Saved entries:

==========

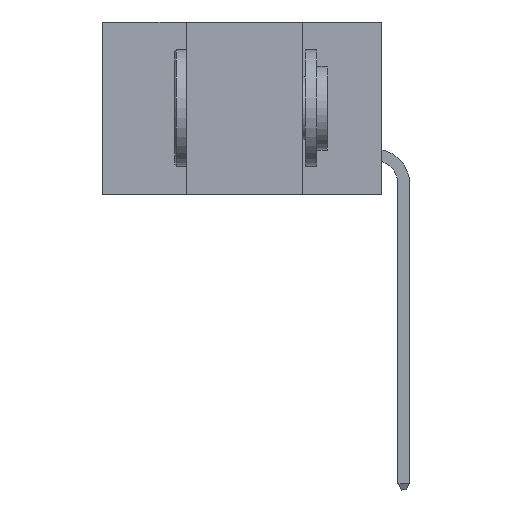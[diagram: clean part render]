
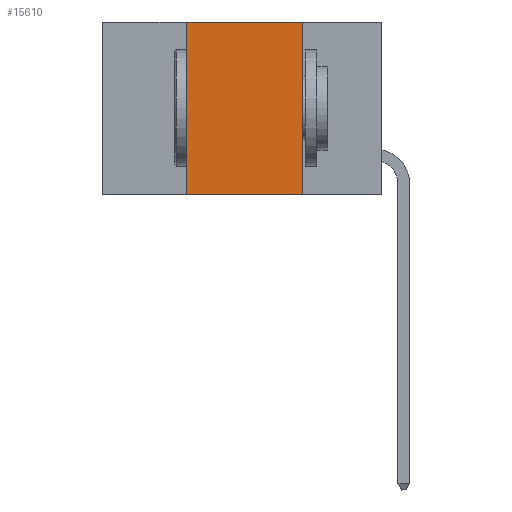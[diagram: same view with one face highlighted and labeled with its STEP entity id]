
A CAD part, left-side view. The second image highlights one B-rep face of the part: STEP entity #15610.
In plain terms, the highlighted planar face has unit normal (-1, 0, 0).
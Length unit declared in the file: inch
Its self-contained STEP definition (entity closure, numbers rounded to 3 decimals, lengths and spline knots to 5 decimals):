
#274 = DIRECTION ( 'NONE',  ( 0., -1., 0. ) ) ;
#496 = DIRECTION ( 'NONE',  ( 0., -1., 0. ) ) ;
#892 = LINE ( 'NONE', #7316, #25816 ) ;
#1024 = CARTESIAN_POINT ( 'NONE',  ( 0., 0.42, 0. ) ) ;
#1281 = LINE ( 'NONE', #11546, #12625 ) ;
#1315 = LINE ( 'NONE', #17029, #18367 ) ;
#7152 = DIRECTION ( 'NONE',  ( 0., 0., -1. ) ) ;
#7316 = CARTESIAN_POINT ( 'NONE',  ( 0., 0.6, -0.37 ) ) ;
#7415 = CARTESIAN_POINT ( 'NONE',  ( 0., 0.17, -0.37 ) ) ;
#8466 = VERTEX_POINT ( 'NONE', #7415 ) ;
#8973 = ORIENTED_EDGE ( 'NONE', *, *, #29024, .F. ) ;
#10922 = VERTEX_POINT ( 'NONE', #1024 ) ;
#11178 = VECTOR ( 'NONE', #274, 39.37008 ) ;
#11546 = CARTESIAN_POINT ( 'NONE',  ( 0., 0.42, 0. ) ) ;
#11739 = DIRECTION ( 'NONE',  ( 0., 0., 1. ) ) ;
#12088 = EDGE_CURVE ( 'NONE', #24302, #8466, #892, .T. ) ;
#12625 = VECTOR ( 'NONE', #11739, 39.37008 ) ;
#12794 = PLANE ( 'NONE',  #20221 ) ;
#13314 = ORIENTED_EDGE ( 'NONE', *, *, #28630, .F. ) ;
#15610 = ADVANCED_FACE ( 'NONE', ( #28253 ), #12794, .F. ) ;
#17029 = CARTESIAN_POINT ( 'NONE',  ( 0., 0.17, 0. ) ) ;
#17088 = CARTESIAN_POINT ( 'NONE',  ( 0., 0.6, 0. ) ) ;
#17603 = VERTEX_POINT ( 'NONE', #25105 ) ;
#17661 = DIRECTION ( 'NONE',  ( 1., 0., 0. ) ) ;
#18367 = VECTOR ( 'NONE', #7152, 39.37008 ) ;
#19099 = LINE ( 'NONE', #17088, #11178 ) ;
#19162 = EDGE_CURVE ( 'NONE', #10922, #17603, #19099, .T. ) ;
#19942 = CARTESIAN_POINT ( 'NONE',  ( 0., 0.6, 0. ) ) ;
#20221 = AXIS2_PLACEMENT_3D ( 'NONE', #19942, #17661, #22355 ) ;
#20605 = EDGE_LOOP ( 'NONE', ( #13314, #27658, #8973, #30254 ) ) ;
#22355 = DIRECTION ( 'NONE',  ( 0., 0., -1. ) ) ;
#24302 = VERTEX_POINT ( 'NONE', #29281 ) ;
#25105 = CARTESIAN_POINT ( 'NONE',  ( 0., 0.17, 0. ) ) ;
#25816 = VECTOR ( 'NONE', #496, 39.37008 ) ;
#27658 = ORIENTED_EDGE ( 'NONE', *, *, #19162, .F. ) ;
#28253 = FACE_OUTER_BOUND ( 'NONE', #20605, .T. ) ;
#28630 = EDGE_CURVE ( 'NONE', #17603, #8466, #1315, .T. ) ;
#29024 = EDGE_CURVE ( 'NONE', #24302, #10922, #1281, .T. ) ;
#29281 = CARTESIAN_POINT ( 'NONE',  ( 0., 0.42, -0.37 ) ) ;
#30254 = ORIENTED_EDGE ( 'NONE', *, *, #12088, .T. ) ;

==========

Scan the data above, find each line with "VECTOR", and copy it.

• [Exercise response]
#11178 = VECTOR ( 'NONE', #274, 39.37008 ) ;
#12625 = VECTOR ( 'NONE', #11739, 39.37008 ) ;
#18367 = VECTOR ( 'NONE', #7152, 39.37008 ) ;
#25816 = VECTOR ( 'NONE', #496, 39.37008 ) ;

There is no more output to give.